Set down all of the entries below word for word, with the pictures left out.

→ Data items
- - - - - - -
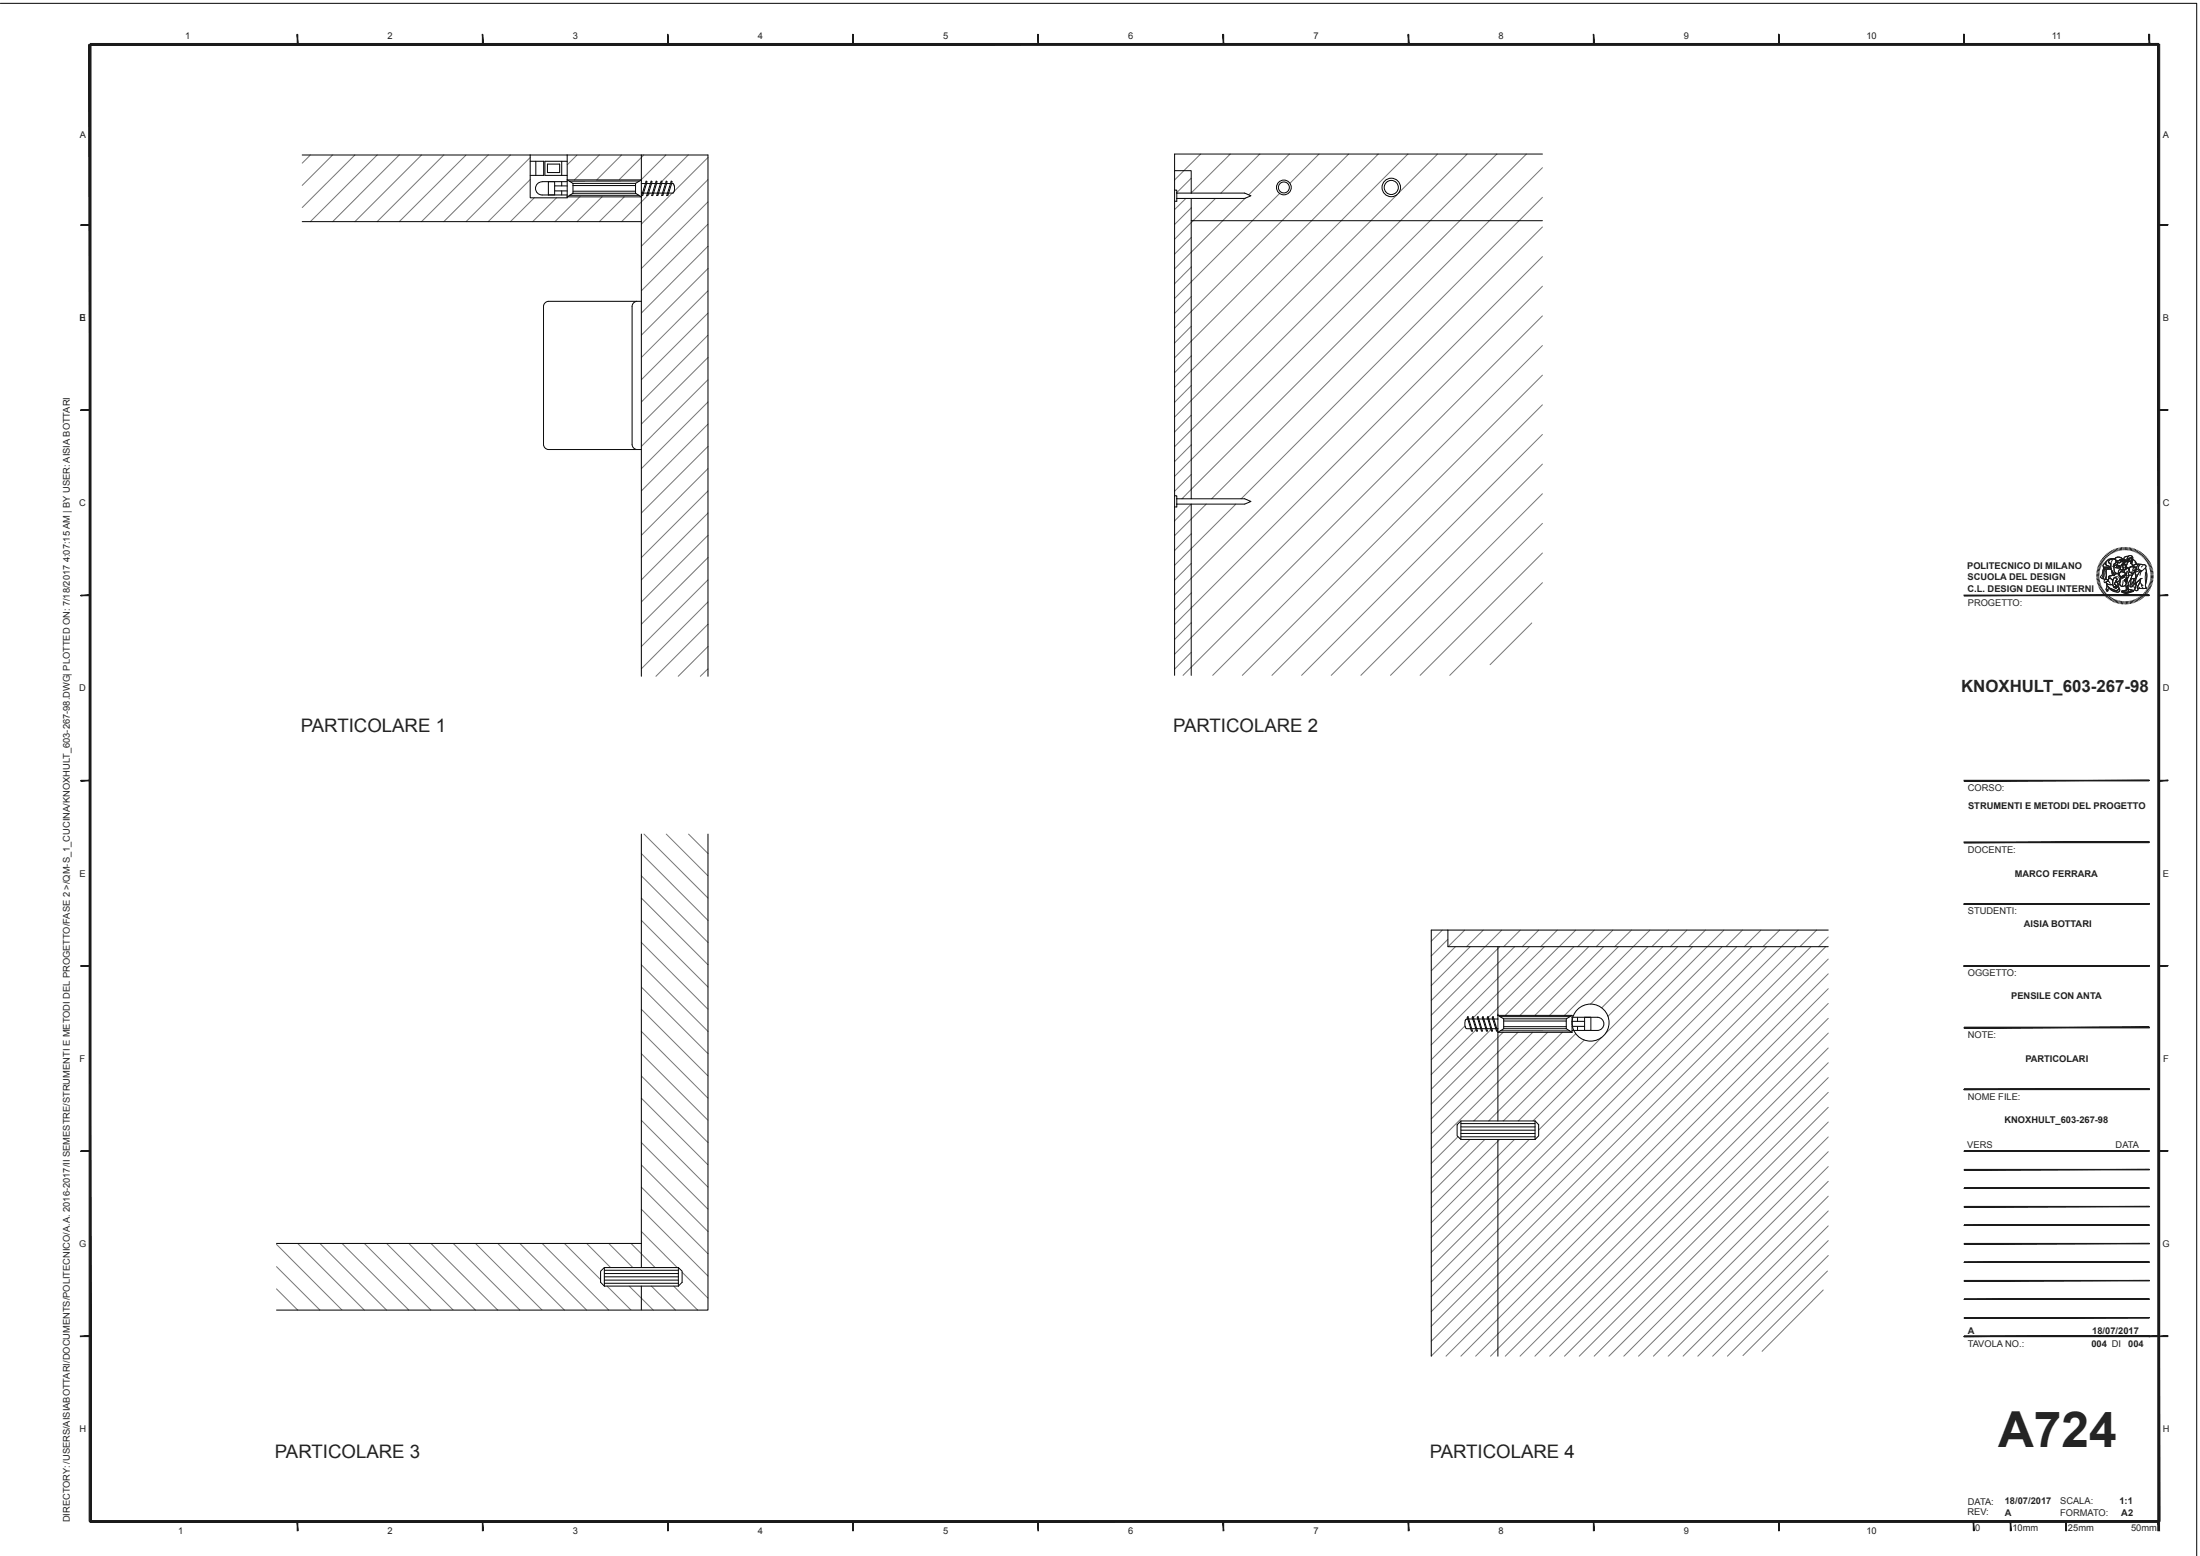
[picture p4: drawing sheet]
<svg xmlns="http://www.w3.org/2000/svg" width="594mm" height="420mm" viewBox="0 0 594 420" stroke-linecap="round" stroke-linejoin="round" font-family="sans-serif">
<g fill="none" stroke="#767676" stroke-width=".27">
<path d="M83.8 41.8l-2.2 2.2M89.8 41.8l-8.2 8.2M95.8 41.8l-14.2 14.2M101.8 41.8l-18 18M107.8 41.8l-18 18M113.8 41.8l-18 18M119.8 41.8l-18 18M125.8 41.8l-18 18M131.8 41.8l-18 18M137.8 41.8l-18 18M143.2 42.5l-17.4 17.3M143.2 48.5l-11.4 11.3"/>
<path d="M144.3 53.4l-6.5 6.4M150.3 53.4l-6.5 6.4M155.8 41.8l-2.7 2.7M156.5 53.1l-6.7 6.7M161.8 41.8l-6.7 6.8M162.5 53.1l-6.7 6.7M167.8 41.8l-6.7 6.8M168.6 53.1l-6.8 6.7M173.8 41.8l-6.7 6.8M175.5 52.1l-7.7 7.7M178.4 49.2l-.3 .3M179.8 41.8l-6.7 6.8"/>
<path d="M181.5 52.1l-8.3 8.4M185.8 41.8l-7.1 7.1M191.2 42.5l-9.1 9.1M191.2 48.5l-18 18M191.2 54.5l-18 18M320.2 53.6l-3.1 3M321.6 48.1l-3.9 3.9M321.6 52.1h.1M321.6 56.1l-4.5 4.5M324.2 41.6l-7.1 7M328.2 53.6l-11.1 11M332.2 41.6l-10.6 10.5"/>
- - - - - - -
→ Result of the exercise
[picture p4: drawing sheet]
<svg xmlns="http://www.w3.org/2000/svg" width="594mm" height="420mm" viewBox="0 0 594 420" stroke-linecap="round" stroke-linejoin="round" font-family="sans-serif">
<g fill="none" stroke="#767676" stroke-width=".27">
<path d="M83.8 41.8l-2.2 2.2M89.8 41.8l-8.2 8.2M95.8 41.8l-14.2 14.2M101.8 41.8l-18 18M107.8 41.8l-18 18M113.8 41.8l-18 18M119.8 41.8l-18 18M125.8 41.8l-18 18M131.8 41.8l-18 18M137.8 41.8l-18 18M143.2 42.5l-17.4 17.3M143.2 48.5l-11.4 11.3"/>
<path d="M144.3 53.4l-6.5 6.4M150.3 53.4l-6.5 6.4M155.8 41.8l-2.7 2.7M156.5 53.1l-6.7 6.7M161.8 41.8l-6.7 6.8M162.5 53.1l-6.7 6.7M167.8 41.8l-6.7 6.8M168.6 53.1l-6.8 6.7M173.8 41.8l-6.7 6.8M175.5 52.1l-7.7 7.7M178.4 49.2l-.3 .3M179.8 41.8l-6.7 6.8"/>
<path d="M181.5 52.1l-8.3 8.4M185.8 41.8l-7.1 7.1M191.2 42.5l-9.1 9.1M191.2 48.5l-18 18M191.2 54.5l-18 18M320.2 53.6l-3.1 3M321.6 48.1l-3.9 3.9M321.6 52.1h.1M321.6 56.1l-4.5 4.5M324.2 41.6l-7.1 7M328.2 53.6l-11.1 11M332.2 41.6l-10.6 10.5"/>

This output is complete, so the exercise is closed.